The View usually has some presentational components and styling, but usually the leaner the view the better. If a view implementation needs to be very different on iOS and Android, separate .android.js and ios.js files may be written. However, for maintainability purposes, it is better if the platform-specific implementation can be done on component level, and the View can remain platform-agnostic.
A View should take all inputs as props, and should very, very rarely, if ever, be stateful. Instead, the state should be managed in Redux, and injected to the component props by the container.

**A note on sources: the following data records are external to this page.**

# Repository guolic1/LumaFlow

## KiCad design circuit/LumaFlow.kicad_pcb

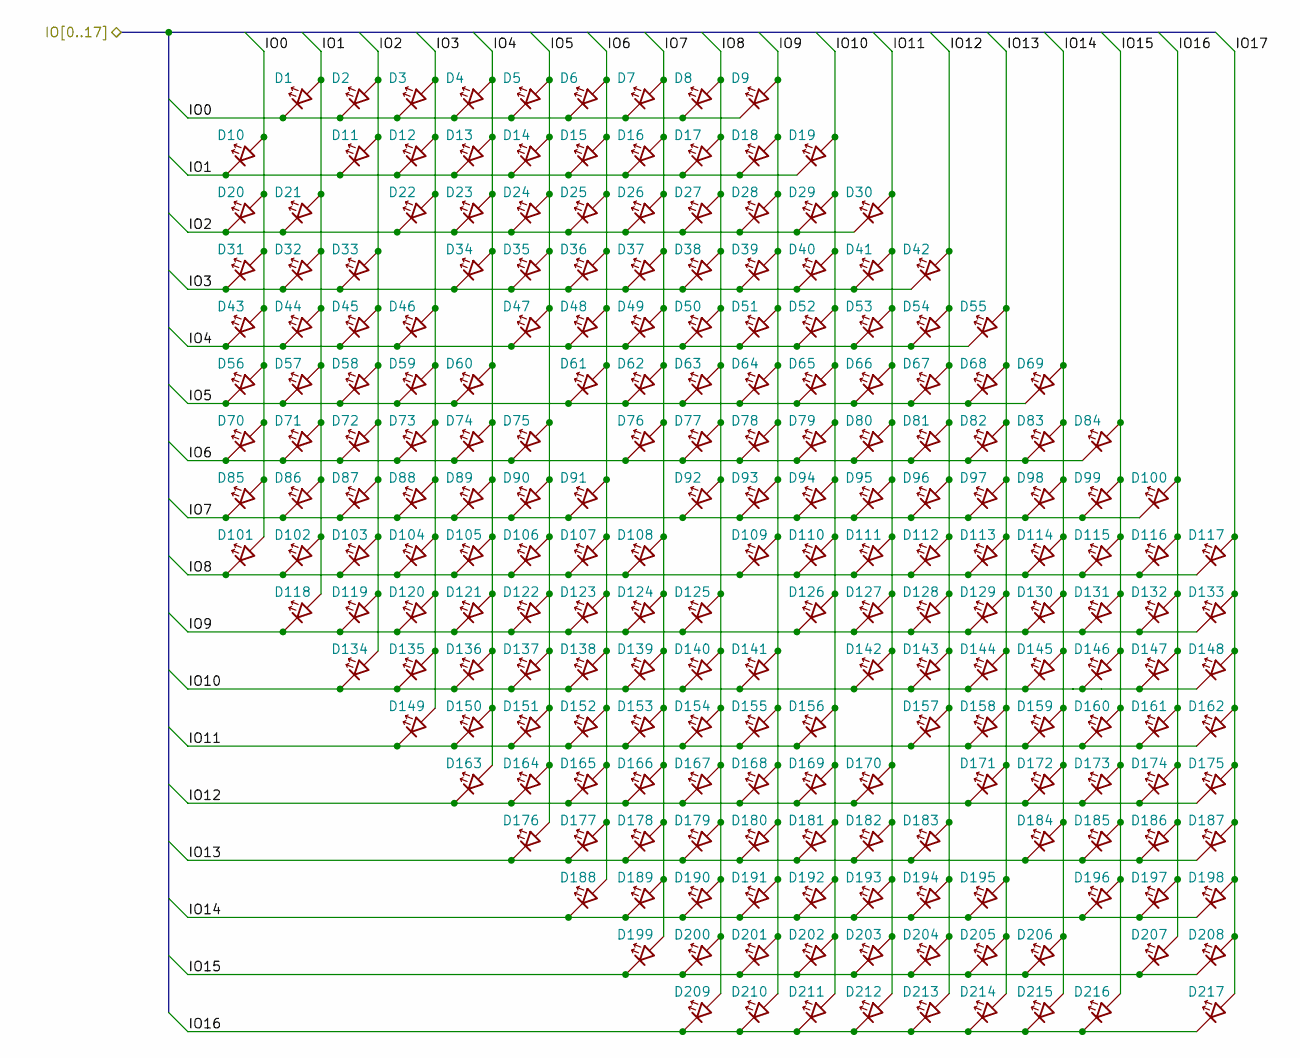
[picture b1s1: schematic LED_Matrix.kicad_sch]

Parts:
D1, D2, D3, D4, D5, D6, D7, D8, D9, D10, D11, D12, D13, D14, D15, D16, D17, D18, D19, D20, D21, D22, D23, D24, D25, D26, D27, D28, D29, D30, D31, D32, D33, D34, D35, D36, D37, D38, D39, D40, D41, D42, D43, D44, D45, D46, D47, D48, D49, D50, D51, D52, D53, D54, D55, D56, D57, D58, D59, D60, D61, D62, D63, D64, D65, D66, D67, D68, D69, D70, D71, D72, D73, D74, D75, D76, D77, D78, D79, D80, D81, D82, D83, D84, D85, D86, D87, D88, D89, D90, D91, D92, D93, D94, D95, D96, D97, D98, D99, D100, D101, D102, D103, D104, D105, D106, D107, D108, D109, D110, D111, D112, D113, D114, D115, D116, D117, D118, D119, D120, D121, D122, D123, D124, D125, D126, D127, D128, D129, D130, D131, D132, D133, D134, D135, D136, D137, D138, D139, D140, D141, D142, D143, D144, D145, D146, D147, D148, D149, D150, D151, D152, D153, D154, D155, D156, D157, D158, D159, D160, D161, D162, D163, D164, D165, D166, D167, D168, D169, D170, D171, D172, D173, D174, D175, D176, D177, D178, D179, D180, D181, D182, D183, D184, D185, D186, D187, D188, D189, D190, D191, D192, D193, D194, D195, D196, D197, D198, D199, D200, D201, D202, D203, D204, D205, D206, D207, D208, D209, D210, D211, D212, D213, D214, D215, D216, D217: LED; LED_0402_1005Metric

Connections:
/LED Matrix/IO0: D1.1 (K), D2.1 (K), D3.1 (K), D4.1 (K), D5.1 (K), D6.1 (K), D7.1 (K), D8.1 (K), D9.1 (K), D10.2 (A), D20.2 (A), D31.2 (A), D43.2 (A), D56.2 (A), D70.2 (A), D85.2 (A), D101.2 (A); also elsewhere on the board
/LED Matrix/IO1: D1.2 (A), D10.1 (K), D11.1 (K), D12.1 (K), D13.1 (K), D14.1 (K), D15.1 (K), D16.1 (K), D17.1 (K), D18.1 (K), D19.1 (K), D21.2 (A), D32.2 (A), D44.2 (A), D57.2 (A), D71.2 (A), D86.2 (A), D102.2 (A), D118.2 (A); also elsewhere on the board
/LED Matrix/IO2: D2.2 (A), D11.2 (A), D20.1 (K), D21.1 (K), D22.1 (K), D23.1 (K), D24.1 (K), D25.1 (K), D26.1 (K), D27.1 (K), D28.1 (K), D29.1 (K), D30.1 (K), D33.2 (A), D45.2 (A), D58.2 (A), D72.2 (A), D87.2 (A), D103.2 (A), D119.2 (A), D134.2 (A); also elsewhere on the board
/LED Matrix/IO3: D3.2 (A), D12.2 (A), D22.2 (A), D31.1 (K), D32.1 (K), D33.1 (K), D34.1 (K), D35.1 (K), D36.1 (K), D37.1 (K), D38.1 (K), D39.1 (K), D40.1 (K), D41.1 (K), D42.1 (K), D46.2 (A), D59.2 (A), D73.2 (A), D88.2 (A), D104.2 (A), D120.2 (A), D135.2 (A), D149.2 (A); also elsewhere on the board
/LED Matrix/IO4: D4.2 (A), D13.2 (A), D23.2 (A), D34.2 (A), D43.1 (K), D44.1 (K), D45.1 (K), D46.1 (K), D47.1 (K), D48.1 (K), D49.1 (K), D50.1 (K), D51.1 (K), D52.1 (K), D53.1 (K), D54.1 (K), D55.1 (K), D60.2 (A), D74.2 (A), D89.2 (A), D105.2 (A), D121.2 (A), D136.2 (A), D150.2 (A), D163.2 (A); also elsewhere on the board
/LED Matrix/IO5: D5.2 (A), D14.2 (A), D24.2 (A), D35.2 (A), D47.2 (A), D56.1 (K), D57.1 (K), D58.1 (K), D59.1 (K), D60.1 (K), D61.1 (K), D62.1 (K), D63.1 (K), D64.1 (K), D65.1 (K), D66.1 (K), D67.1 (K), D68.1 (K), D69.1 (K), D75.2 (A), D90.2 (A), D106.2 (A), D122.2 (A), D137.2 (A), D151.2 (A), D164.2 (A), D176.2 (A); also elsewhere on the board
/LED Matrix/IO6: D6.2 (A), D15.2 (A), D25.2 (A), D36.2 (A), D48.2 (A), D61.2 (A), D70.1 (K), D71.1 (K), D72.1 (K), D73.1 (K), D74.1 (K), D75.1 (K), D76.1 (K), D77.1 (K), D78.1 (K), D79.1 (K), D80.1 (K), D81.1 (K), D82.1 (K), D83.1 (K), D84.1 (K), D91.2 (A), D107.2 (A), D123.2 (A), D138.2 (A), D152.2 (A), D165.2 (A), D177.2 (A), D188.2 (A); also elsewhere on the board
/LED Matrix/IO7: D7.2 (A), D16.2 (A), D26.2 (A), D37.2 (A), D49.2 (A), D62.2 (A), D76.2 (A), D85.1 (K), D86.1 (K), D87.1 (K), D88.1 (K), D89.1 (K), D90.1 (K), D91.1 (K), D92.1 (K), D93.1 (K), D94.1 (K), D95.1 (K), D96.1 (K), D97.1 (K), D98.1 (K), D99.1 (K), D100.1 (K), D108.2 (A), D124.2 (A), D139.2 (A), D153.2 (A), D166.2 (A), D178.2 (A), D189.2 (A), D199.2 (A); also elsewhere on the board
/LED Matrix/IO8: D8.2 (A), D17.2 (A), D27.2 (A), D38.2 (A), D50.2 (A), D63.2 (A), D77.2 (A), D92.2 (A), D101.1 (K), D102.1 (K), D103.1 (K), D104.1 (K), D105.1 (K), D106.1 (K), D107.1 (K), D108.1 (K), D109.1 (K), D110.1 (K), D111.1 (K), D112.1 (K), D113.1 (K), D114.1 (K), D115.1 (K), D116.1 (K), D117.1 (K), D125.2 (A), D140.2 (A), D154.2 (A), D167.2 (A), D179.2 (A), D190.2 (A), D200.2 (A), D209.2 (A); also elsewhere on the board
/LED Matrix/IO9: D9.2 (A), D18.2 (A), D28.2 (A), D39.2 (A), D51.2 (A), D64.2 (A), D78.2 (A), D93.2 (A), D109.2 (A), D118.1 (K), D119.1 (K), D120.1 (K), D121.1 (K), D122.1 (K), D123.1 (K), D124.1 (K), D125.1 (K), D126.1 (K), D127.1 (K), D128.1 (K), D129.1 (K), D130.1 (K), D131.1 (K), D132.1 (K), D133.1 (K), D141.2 (A), D155.2 (A), D168.2 (A), D180.2 (A), D191.2 (A), D201.2 (A), D210.2 (A); also elsewhere on the board
/LED Matrix/IO10: D19.2 (A), D29.2 (A), D40.2 (A), D52.2 (A), D65.2 (A), D79.2 (A), D94.2 (A), D110.2 (A), D126.2 (A), D134.1 (K), D135.1 (K), D136.1 (K), D137.1 (K), D138.1 (K), D139.1 (K), D140.1 (K), D141.1 (K), D142.1 (K), D143.1 (K), D144.1 (K), D145.1 (K), D146.1 (K), D147.1 (K), D148.1 (K), D156.2 (A), D169.2 (A), D181.2 (A), D192.2 (A), D202.2 (A), D211.2 (A); also elsewhere on the board
/LED Matrix/IO11: D30.2 (A), D41.2 (A), D53.2 (A), D66.2 (A), D80.2 (A), D95.2 (A), D111.2 (A), D127.2 (A), D142.2 (A), D149.1 (K), D150.1 (K), D151.1 (K), D152.1 (K), D153.1 (K), D154.1 (K), D155.1 (K), D156.1 (K), D157.1 (K), D158.1 (K), D159.1 (K), D160.1 (K), D161.1 (K), D162.1 (K), D170.2 (A), D182.2 (A), D193.2 (A), D203.2 (A), D212.2 (A); also elsewhere on the board
/LED Matrix/IO12: D42.2 (A), D54.2 (A), D67.2 (A), D81.2 (A), D96.2 (A), D112.2 (A), D128.2 (A), D143.2 (A), D157.2 (A), D163.1 (K), D164.1 (K), D165.1 (K), D166.1 (K), D167.1 (K), D168.1 (K), D169.1 (K), D170.1 (K), D171.1 (K), D172.1 (K), D173.1 (K), D174.1 (K), D175.1 (K), D183.2 (A), D194.2 (A), D204.2 (A), D213.2 (A); also elsewhere on the board
/LED Matrix/IO13: D55.2 (A), D68.2 (A), D82.2 (A), D97.2 (A), D113.2 (A), D129.2 (A), D144.2 (A), D158.2 (A), D171.2 (A), D176.1 (K), D177.1 (K), D178.1 (K), D179.1 (K), D180.1 (K), D181.1 (K), D182.1 (K), D183.1 (K), D184.1 (K), D185.1 (K), D186.1 (K), D187.1 (K), D195.2 (A), D205.2 (A), D214.2 (A); also elsewhere on the board
/LED Matrix/IO14: D69.2 (A), D83.2 (A), D98.2 (A), D114.2 (A), D130.2 (A), D145.2 (A), D159.2 (A), D172.2 (A), D184.2 (A), D188.1 (K), D189.1 (K), D190.1 (K), D191.1 (K), D192.1 (K), D193.1 (K), D194.1 (K), D195.1 (K), D196.1 (K), D197.1 (K), D198.1 (K), D206.2 (A), D215.2 (A); also elsewhere on the board
/LED Matrix/IO15: D84.2 (A), D99.2 (A), D115.2 (A), D131.2 (A), D146.2 (A), D160.2 (A), D173.2 (A), D185.2 (A), D196.2 (A), D199.1 (K), D200.1 (K), D201.1 (K), D202.1 (K), D203.1 (K), D204.1 (K), D205.1 (K), D206.1 (K), D207.1 (K), D208.1 (K), D216.2 (A); also elsewhere on the board
/LED Matrix/IO16: D100.2 (A), D116.2 (A), D132.2 (A), D147.2 (A), D161.2 (A), D174.2 (A), D186.2 (A), D197.2 (A), D207.2 (A), D209.1 (K), D210.1 (K), D211.1 (K), D212.1 (K), D213.1 (K), D214.1 (K), D215.1 (K), D216.1 (K), D217.1 (K); also elsewhere on the board
/LED Matrix/IO17: D117.2 (A), D133.2 (A), D148.2 (A), D162.2 (A), D175.2 (A), D187.2 (A), D198.2 (A), D208.2 (A), D217.2 (A); also elsewhere on the board

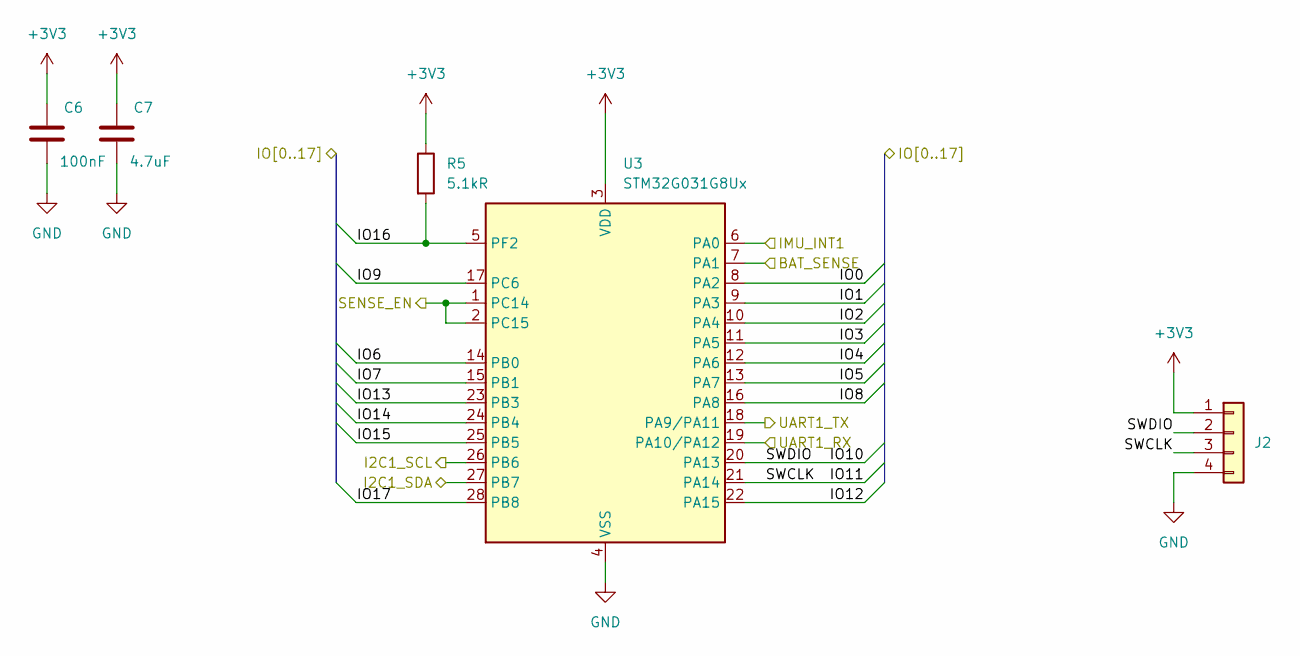
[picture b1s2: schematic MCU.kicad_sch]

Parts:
C6: 100nF; C_0402_1005Metric
C7: 4.7uF; C_0402_1005Metric
J2: Conn_01x04; PinSocket_1x04_P1.27mm_Vertical
R5: 5.1kR; R_0402_1005Metric
U3: STM32G031G8Ux; QFN-28_4x4mm_P0.5mm

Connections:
+3V3: C6.1, C7.1, J2.1, R5.1, U3.3 (VDD); also elsewhere on the board
/IMU/INT1: U3.6 (PA0); also elsewhere on the board
/IMU/SCL: U3.26 (PB6); also elsewhere on the board
/IMU/SDA: U3.27 (PB7); also elsewhere on the board
/LED Matrix/IO0: U3.8 (PA2); also elsewhere on the board
/LED Matrix/IO1: U3.9 (PA3); also elsewhere on the board
/LED Matrix/IO2: U3.10 (PA4); also elsewhere on the board
/LED Matrix/IO3: U3.11 (PA5); also elsewhere on the board
/LED Matrix/IO4: U3.12 (PA6); also elsewhere on the board
/LED Matrix/IO5: U3.13 (PA7); also elsewhere on the board
/LED Matrix/IO6: U3.14 (PB0); also elsewhere on the board
/LED Matrix/IO7: U3.15 (PB1); also elsewhere on the board
/LED Matrix/IO8: U3.16 (PA8); also elsewhere on the board
/LED Matrix/IO9: U3.17 (PC6); also elsewhere on the board
/LED Matrix/IO10: J2.2, U3.20 (PA13); also elsewhere on the board
/LED Matrix/IO11: J2.3, U3.21 (PA14); also elsewhere on the board
/LED Matrix/IO12: U3.22 (PA15); also elsewhere on the board
/LED Matrix/IO13: U3.23 (PB3); also elsewhere on the board
/LED Matrix/IO14: U3.24 (PB4); also elsewhere on the board
/LED Matrix/IO15: U3.25 (PB5); also elsewhere on the board
/LED Matrix/IO16: R5.2, U3.5 (PF2); also elsewhere on the board
/LED Matrix/IO17: U3.28 (PB8); also elsewhere on the board
/MCU/BAT_SENSE: U3.7 (PA1); also elsewhere on the board
/MCU/SENSE_EN: U3.1 (PC14), U3.2 (PC15); also elsewhere on the board
/MCU/UART1_RX: U3.19 (PA10/PA12); also elsewhere on the board
/MCU/UART1_TX: U3.18 (PA9/PA11); also elsewhere on the board
GND: C6.2, C7.2, J2.4, U3.4 (VSS); also elsewhere on the board

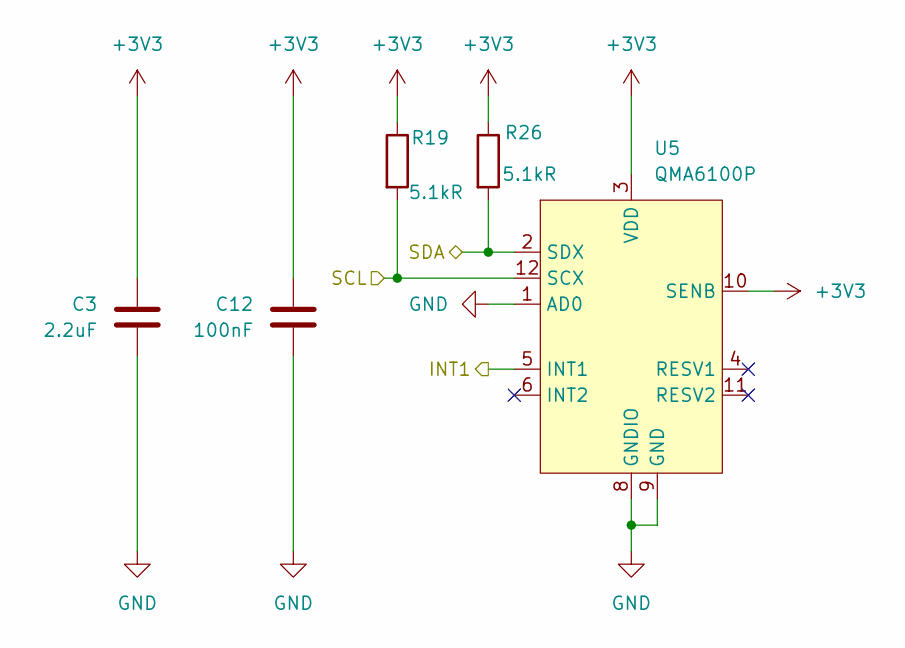
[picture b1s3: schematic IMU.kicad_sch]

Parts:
C3: 2.2uF; C_0402_1005Metric
C12: 100nF; C_0402_1005Metric
R19, R26: 5.1kR; R_0402_1005Metric
U5: QMA6100P; LGA-12_2x2mm_P0.5mm

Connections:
+3V3: C3.1, C12.1, R19.1, R26.1, U5.3 (VDD), U5.10 (SENB); also elsewhere on the board
/IMU/INT1: U5.5 (INT1); also elsewhere on the board
/IMU/SCL: R19.2, U5.12 (SCX); also elsewhere on the board
/IMU/SDA: R26.2, U5.2 (SDX); also elsewhere on the board
GND: C3.2, C12.2, U5.1 (AD0), U5.8 (GNDIO), U5.9 (GND); also elsewhere on the board

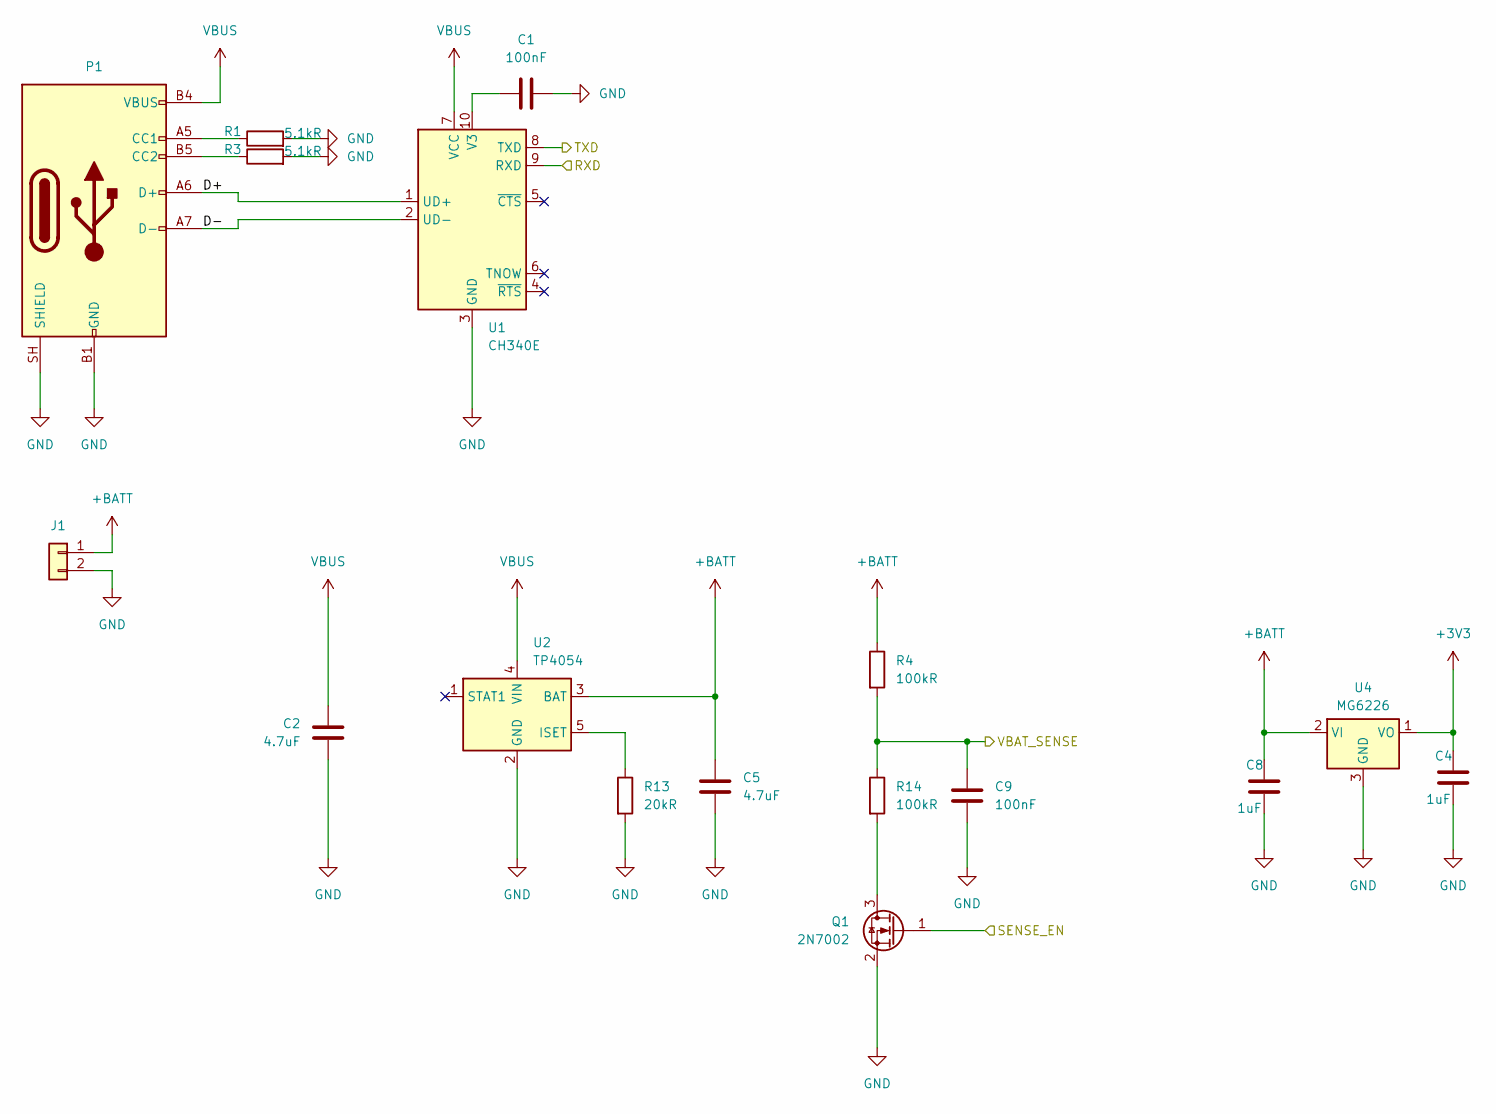
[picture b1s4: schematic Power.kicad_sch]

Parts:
C1, C9: 100nF; C_0402_1005Metric
C2, C5: 4.7uF; C_0402_1005Metric
C4, C8: 1uF; C_0402_1005Metric
J1: Conn_01x02
P1: USB_C_Plug_USB2.0_8Pin; USB-C-SMD_MC-402L68
Q1: 2N7002; SOT-323_SC-70
R1, R3: 5.1kR; R_0402_1005Metric
R4, R14: 100kR; R_0402_1005Metric
R13: 20kR; R_0402_1005Metric
U1: CH340E; MSOP-10_3x3mm_P0.5mm
U2: TP4054; SOT-23-5
U4: MG6226; SOT-23-3

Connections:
+3V3: C4.1, U4.1 (VO); also elsewhere on the board
+BATT: C5.1, C8.1, J1.1, R4.1, U2.3 (BAT), U4.2 (VI)
/MCU/BAT_SENSE: C9.1, R4.2, R14.1; also elsewhere on the board
/MCU/SENSE_EN: Q1.1 (G); also elsewhere on the board
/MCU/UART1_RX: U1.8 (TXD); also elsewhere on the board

To continue the Counter example, a view might look something like this:
import React, {PropTypes, StyleSheet, Text, View} from 'react-native';
import ActionButton from '../../components/ActionButton';
import * as CounterState from './CounterState';
const CounterView = React.createClass({
// state (value) and action dispatcher are provided as props
propTypes: {
value: PropTypes.number.isRequired,
dispatch: PropTypes.func.isRequired
},
render() {
const {value, dispatch} = this.props;
// use reusable components (ActionButton) to dispatch actions created by CounterState action creators
return (
<View style={styles.container}>
<Text style={styles.counter}>{value}</Text>
<ActionButton onPress={() => dispatch(CounterState.increment())} text='+' />
<ActionButton onPress={() => dispatch(CounterState.decrement())} text='-' />
</View>
);
}
});
// styles are defined inline
const styles = StyleSheet.create({
container: {
flex: 1,
justifyContent: 'center',
alignItems: 'center',
backgroundColor: 'white'
},
counter: {
textAlign: 'center',
fontSize: 40
}
});
export default CounterView;
Container
The Container (or View Container) is responsible for connect()ing the View component to the Redux store.
Redux connect() takes in two arguments, first mapStateToProps which selects relevant parts of the application state to pass to the view, and second mapActionsToProps, which binds Action Creators to the store's dispatcher so the actions are executed in the right context. These functions are often called selectors.
We think using mapStateToProps is a good practice, but avoid using mapActionsToProps in favour of calling dispatch ourselves in the view. In our experience this leads to simpler, easier to reason about code (and a little less verbose PropTypes on the View).
Every time the app state changes, the Container is automatically called with the latest state. If the props returned by the container differ from the previous props, the connected View is re-rendered. If the props are identical, the view is not re-rendered. For this reason it's a good idea to define your props as ImmutableJS data structures or JavaScript primitives, because if you toJS() your immutable Maps and Lists to objects and arrays in the Container, the results of each pass are not referentially equal, and we lose the benefit of this performance optimisation.
Using the Counter example, the container would be very simple:
import {connect} from 'react-redux';
import CounterView from './CounterView';
// pass the counter's value to the component as a prop called `value`.
// Because we omit the second parameter, the `dispatch` function is
// automatically passed as a prop.
export default connect(
state => ({
value: state.getIn(['counter', 'value'])
})
)(CounterView);
Often this file doesn't contain a lot of code, but it's important to define the Container in its own file anyway to be able to support platform-specific view implementations, as well as test the Views and their data bindings separately.
If a View needs data from other modules (i.e. other parts of the application state than the subtree managed by that module), the Container is the correct place to access. In database-speak, this way you can keep your data "normalized" (to a degree), and "join" them when required.